[Stored data]
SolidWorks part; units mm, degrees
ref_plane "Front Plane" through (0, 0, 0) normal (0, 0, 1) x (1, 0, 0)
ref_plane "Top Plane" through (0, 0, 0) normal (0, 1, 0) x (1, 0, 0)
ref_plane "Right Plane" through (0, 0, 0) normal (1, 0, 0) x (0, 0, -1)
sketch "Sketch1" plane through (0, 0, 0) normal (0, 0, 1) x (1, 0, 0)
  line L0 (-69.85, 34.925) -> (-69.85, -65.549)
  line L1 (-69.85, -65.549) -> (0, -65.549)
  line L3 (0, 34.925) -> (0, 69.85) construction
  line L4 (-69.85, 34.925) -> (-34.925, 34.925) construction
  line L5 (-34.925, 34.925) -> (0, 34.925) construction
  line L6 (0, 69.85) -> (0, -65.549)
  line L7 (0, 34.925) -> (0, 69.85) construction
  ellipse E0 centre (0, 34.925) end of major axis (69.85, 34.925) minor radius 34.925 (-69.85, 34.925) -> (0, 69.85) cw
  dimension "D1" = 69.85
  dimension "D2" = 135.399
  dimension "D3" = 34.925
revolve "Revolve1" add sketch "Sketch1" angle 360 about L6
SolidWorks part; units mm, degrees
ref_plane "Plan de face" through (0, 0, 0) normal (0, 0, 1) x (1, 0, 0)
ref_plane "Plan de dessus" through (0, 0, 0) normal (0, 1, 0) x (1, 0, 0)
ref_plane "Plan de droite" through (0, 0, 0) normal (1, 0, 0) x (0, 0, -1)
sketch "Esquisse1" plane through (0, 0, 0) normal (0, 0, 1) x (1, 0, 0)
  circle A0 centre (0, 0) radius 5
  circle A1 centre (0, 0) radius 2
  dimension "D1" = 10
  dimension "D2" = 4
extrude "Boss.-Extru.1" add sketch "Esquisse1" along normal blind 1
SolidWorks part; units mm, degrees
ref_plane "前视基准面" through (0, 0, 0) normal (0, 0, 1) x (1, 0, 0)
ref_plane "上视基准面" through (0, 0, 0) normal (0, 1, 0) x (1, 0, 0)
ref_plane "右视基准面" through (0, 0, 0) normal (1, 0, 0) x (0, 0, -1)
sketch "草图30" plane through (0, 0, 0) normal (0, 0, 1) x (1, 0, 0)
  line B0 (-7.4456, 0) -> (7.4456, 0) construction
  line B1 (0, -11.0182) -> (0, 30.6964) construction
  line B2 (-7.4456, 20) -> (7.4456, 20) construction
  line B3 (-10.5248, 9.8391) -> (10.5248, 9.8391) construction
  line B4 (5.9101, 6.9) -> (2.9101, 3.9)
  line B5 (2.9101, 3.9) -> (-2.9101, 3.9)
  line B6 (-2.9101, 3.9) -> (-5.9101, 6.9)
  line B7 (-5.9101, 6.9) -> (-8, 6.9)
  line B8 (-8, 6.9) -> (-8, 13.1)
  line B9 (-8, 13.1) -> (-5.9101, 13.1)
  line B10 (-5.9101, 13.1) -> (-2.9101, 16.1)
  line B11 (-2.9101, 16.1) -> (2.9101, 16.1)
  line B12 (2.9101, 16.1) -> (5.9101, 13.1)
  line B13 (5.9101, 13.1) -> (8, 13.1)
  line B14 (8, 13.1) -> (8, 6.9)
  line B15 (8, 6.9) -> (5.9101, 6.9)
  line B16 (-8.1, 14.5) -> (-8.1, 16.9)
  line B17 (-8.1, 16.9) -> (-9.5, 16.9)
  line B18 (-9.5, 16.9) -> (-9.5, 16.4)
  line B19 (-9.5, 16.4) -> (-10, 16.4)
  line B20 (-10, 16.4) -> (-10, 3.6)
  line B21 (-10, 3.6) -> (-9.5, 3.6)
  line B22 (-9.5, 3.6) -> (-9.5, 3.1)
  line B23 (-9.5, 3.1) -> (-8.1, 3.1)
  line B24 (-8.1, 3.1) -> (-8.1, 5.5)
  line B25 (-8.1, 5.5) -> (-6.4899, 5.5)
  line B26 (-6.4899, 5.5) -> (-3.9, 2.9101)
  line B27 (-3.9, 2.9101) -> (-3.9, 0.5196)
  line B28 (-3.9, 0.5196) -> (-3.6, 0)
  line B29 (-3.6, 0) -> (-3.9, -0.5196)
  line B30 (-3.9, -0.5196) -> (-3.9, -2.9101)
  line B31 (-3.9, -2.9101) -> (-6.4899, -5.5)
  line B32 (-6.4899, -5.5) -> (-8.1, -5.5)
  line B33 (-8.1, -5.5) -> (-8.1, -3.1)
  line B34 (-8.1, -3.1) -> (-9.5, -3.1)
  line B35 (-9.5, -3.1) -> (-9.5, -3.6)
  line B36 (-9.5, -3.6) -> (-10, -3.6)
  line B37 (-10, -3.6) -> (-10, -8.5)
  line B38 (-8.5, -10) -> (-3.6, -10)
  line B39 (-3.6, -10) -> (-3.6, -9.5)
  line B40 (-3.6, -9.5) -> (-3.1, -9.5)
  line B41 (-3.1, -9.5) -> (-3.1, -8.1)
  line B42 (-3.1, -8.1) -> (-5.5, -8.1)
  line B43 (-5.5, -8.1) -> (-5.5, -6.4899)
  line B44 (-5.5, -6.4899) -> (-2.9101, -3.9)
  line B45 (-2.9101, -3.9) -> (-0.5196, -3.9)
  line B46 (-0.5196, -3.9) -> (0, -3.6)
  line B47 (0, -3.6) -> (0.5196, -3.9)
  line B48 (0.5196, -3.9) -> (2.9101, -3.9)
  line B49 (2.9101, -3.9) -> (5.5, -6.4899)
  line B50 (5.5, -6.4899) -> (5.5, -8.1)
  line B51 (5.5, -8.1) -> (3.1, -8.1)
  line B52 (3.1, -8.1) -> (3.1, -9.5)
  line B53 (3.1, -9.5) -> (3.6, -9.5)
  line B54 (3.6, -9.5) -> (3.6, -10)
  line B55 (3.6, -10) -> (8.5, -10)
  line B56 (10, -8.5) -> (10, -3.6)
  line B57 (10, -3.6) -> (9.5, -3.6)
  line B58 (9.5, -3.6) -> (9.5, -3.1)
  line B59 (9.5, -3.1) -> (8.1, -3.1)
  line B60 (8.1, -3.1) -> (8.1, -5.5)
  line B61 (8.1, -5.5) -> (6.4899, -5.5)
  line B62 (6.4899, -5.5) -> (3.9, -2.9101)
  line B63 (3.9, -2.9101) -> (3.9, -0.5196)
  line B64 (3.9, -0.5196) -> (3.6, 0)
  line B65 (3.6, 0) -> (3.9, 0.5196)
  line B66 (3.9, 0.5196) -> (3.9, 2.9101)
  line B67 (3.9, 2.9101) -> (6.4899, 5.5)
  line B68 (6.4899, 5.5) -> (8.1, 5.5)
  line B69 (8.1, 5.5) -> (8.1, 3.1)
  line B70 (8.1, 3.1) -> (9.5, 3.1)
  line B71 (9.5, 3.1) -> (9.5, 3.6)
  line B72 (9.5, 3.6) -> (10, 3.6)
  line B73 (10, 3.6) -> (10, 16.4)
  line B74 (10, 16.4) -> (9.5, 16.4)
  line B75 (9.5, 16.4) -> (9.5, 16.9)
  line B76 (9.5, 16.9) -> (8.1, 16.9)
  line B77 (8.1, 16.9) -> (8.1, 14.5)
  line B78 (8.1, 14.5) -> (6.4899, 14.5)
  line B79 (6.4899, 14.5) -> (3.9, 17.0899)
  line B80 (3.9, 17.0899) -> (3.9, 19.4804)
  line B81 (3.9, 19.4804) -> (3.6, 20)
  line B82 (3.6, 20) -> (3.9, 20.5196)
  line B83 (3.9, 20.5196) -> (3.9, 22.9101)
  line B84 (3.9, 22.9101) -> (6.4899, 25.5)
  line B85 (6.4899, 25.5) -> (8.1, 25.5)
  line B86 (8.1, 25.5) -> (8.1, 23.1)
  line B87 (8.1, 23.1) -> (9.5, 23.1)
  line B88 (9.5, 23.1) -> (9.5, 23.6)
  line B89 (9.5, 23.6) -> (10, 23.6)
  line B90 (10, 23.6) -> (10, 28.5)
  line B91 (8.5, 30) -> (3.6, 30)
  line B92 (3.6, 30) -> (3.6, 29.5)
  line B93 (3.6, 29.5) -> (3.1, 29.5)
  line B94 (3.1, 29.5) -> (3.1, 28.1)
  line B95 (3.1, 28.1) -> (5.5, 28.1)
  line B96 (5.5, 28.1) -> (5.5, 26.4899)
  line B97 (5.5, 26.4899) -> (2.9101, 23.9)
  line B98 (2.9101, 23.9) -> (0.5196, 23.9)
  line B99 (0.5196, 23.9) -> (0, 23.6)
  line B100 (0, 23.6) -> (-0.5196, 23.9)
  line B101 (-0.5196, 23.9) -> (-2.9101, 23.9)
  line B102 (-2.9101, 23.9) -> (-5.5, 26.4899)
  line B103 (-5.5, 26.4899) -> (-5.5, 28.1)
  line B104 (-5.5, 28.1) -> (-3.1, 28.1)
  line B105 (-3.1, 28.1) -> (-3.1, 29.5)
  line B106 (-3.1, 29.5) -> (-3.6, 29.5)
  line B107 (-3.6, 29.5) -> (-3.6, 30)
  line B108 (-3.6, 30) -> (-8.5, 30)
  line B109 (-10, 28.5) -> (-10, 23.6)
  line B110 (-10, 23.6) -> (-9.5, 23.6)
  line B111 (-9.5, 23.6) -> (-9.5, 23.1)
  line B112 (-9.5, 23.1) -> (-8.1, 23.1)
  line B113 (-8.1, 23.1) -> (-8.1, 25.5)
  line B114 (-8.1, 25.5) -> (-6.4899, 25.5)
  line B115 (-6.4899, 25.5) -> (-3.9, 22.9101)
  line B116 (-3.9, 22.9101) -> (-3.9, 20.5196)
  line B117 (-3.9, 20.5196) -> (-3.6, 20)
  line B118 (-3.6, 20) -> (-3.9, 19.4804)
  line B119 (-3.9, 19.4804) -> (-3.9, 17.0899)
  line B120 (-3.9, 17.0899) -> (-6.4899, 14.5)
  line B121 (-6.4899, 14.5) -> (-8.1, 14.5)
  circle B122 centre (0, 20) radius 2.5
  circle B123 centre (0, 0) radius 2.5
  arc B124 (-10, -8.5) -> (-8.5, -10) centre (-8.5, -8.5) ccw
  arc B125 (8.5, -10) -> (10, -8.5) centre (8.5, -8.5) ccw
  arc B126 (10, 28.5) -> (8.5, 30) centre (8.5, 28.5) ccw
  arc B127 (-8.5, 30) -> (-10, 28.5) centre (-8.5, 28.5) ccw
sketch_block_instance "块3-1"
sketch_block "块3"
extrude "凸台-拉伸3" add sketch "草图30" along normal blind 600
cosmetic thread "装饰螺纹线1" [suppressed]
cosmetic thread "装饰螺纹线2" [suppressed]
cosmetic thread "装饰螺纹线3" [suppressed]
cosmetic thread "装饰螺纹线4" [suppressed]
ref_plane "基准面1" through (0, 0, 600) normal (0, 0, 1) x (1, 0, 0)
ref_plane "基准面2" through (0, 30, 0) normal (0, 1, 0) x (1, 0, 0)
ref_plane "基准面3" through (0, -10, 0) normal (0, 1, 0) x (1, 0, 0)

Goal of the exercise: Reproduce only the lines above spanning from the line containing "line B11 (-2.9101, 16.1) -> (2.9101, 16.1)" through the line containing "line B33 (-8.1, -5.5) -> (-8.1, -3.1)", word for word.

Answer space:
  line B11 (-2.9101, 16.1) -> (2.9101, 16.1)
  line B12 (2.9101, 16.1) -> (5.9101, 13.1)
  line B13 (5.9101, 13.1) -> (8, 13.1)
  line B14 (8, 13.1) -> (8, 6.9)
  line B15 (8, 6.9) -> (5.9101, 6.9)
  line B16 (-8.1, 14.5) -> (-8.1, 16.9)
  line B17 (-8.1, 16.9) -> (-9.5, 16.9)
  line B18 (-9.5, 16.9) -> (-9.5, 16.4)
  line B19 (-9.5, 16.4) -> (-10, 16.4)
  line B20 (-10, 16.4) -> (-10, 3.6)
  line B21 (-10, 3.6) -> (-9.5, 3.6)
  line B22 (-9.5, 3.6) -> (-9.5, 3.1)
  line B23 (-9.5, 3.1) -> (-8.1, 3.1)
  line B24 (-8.1, 3.1) -> (-8.1, 5.5)
  line B25 (-8.1, 5.5) -> (-6.4899, 5.5)
  line B26 (-6.4899, 5.5) -> (-3.9, 2.9101)
  line B27 (-3.9, 2.9101) -> (-3.9, 0.5196)
  line B28 (-3.9, 0.5196) -> (-3.6, 0)
  line B29 (-3.6, 0) -> (-3.9, -0.5196)
  line B30 (-3.9, -0.5196) -> (-3.9, -2.9101)
  line B31 (-3.9, -2.9101) -> (-6.4899, -5.5)
  line B32 (-6.4899, -5.5) -> (-8.1, -5.5)
  line B33 (-8.1, -5.5) -> (-8.1, -3.1)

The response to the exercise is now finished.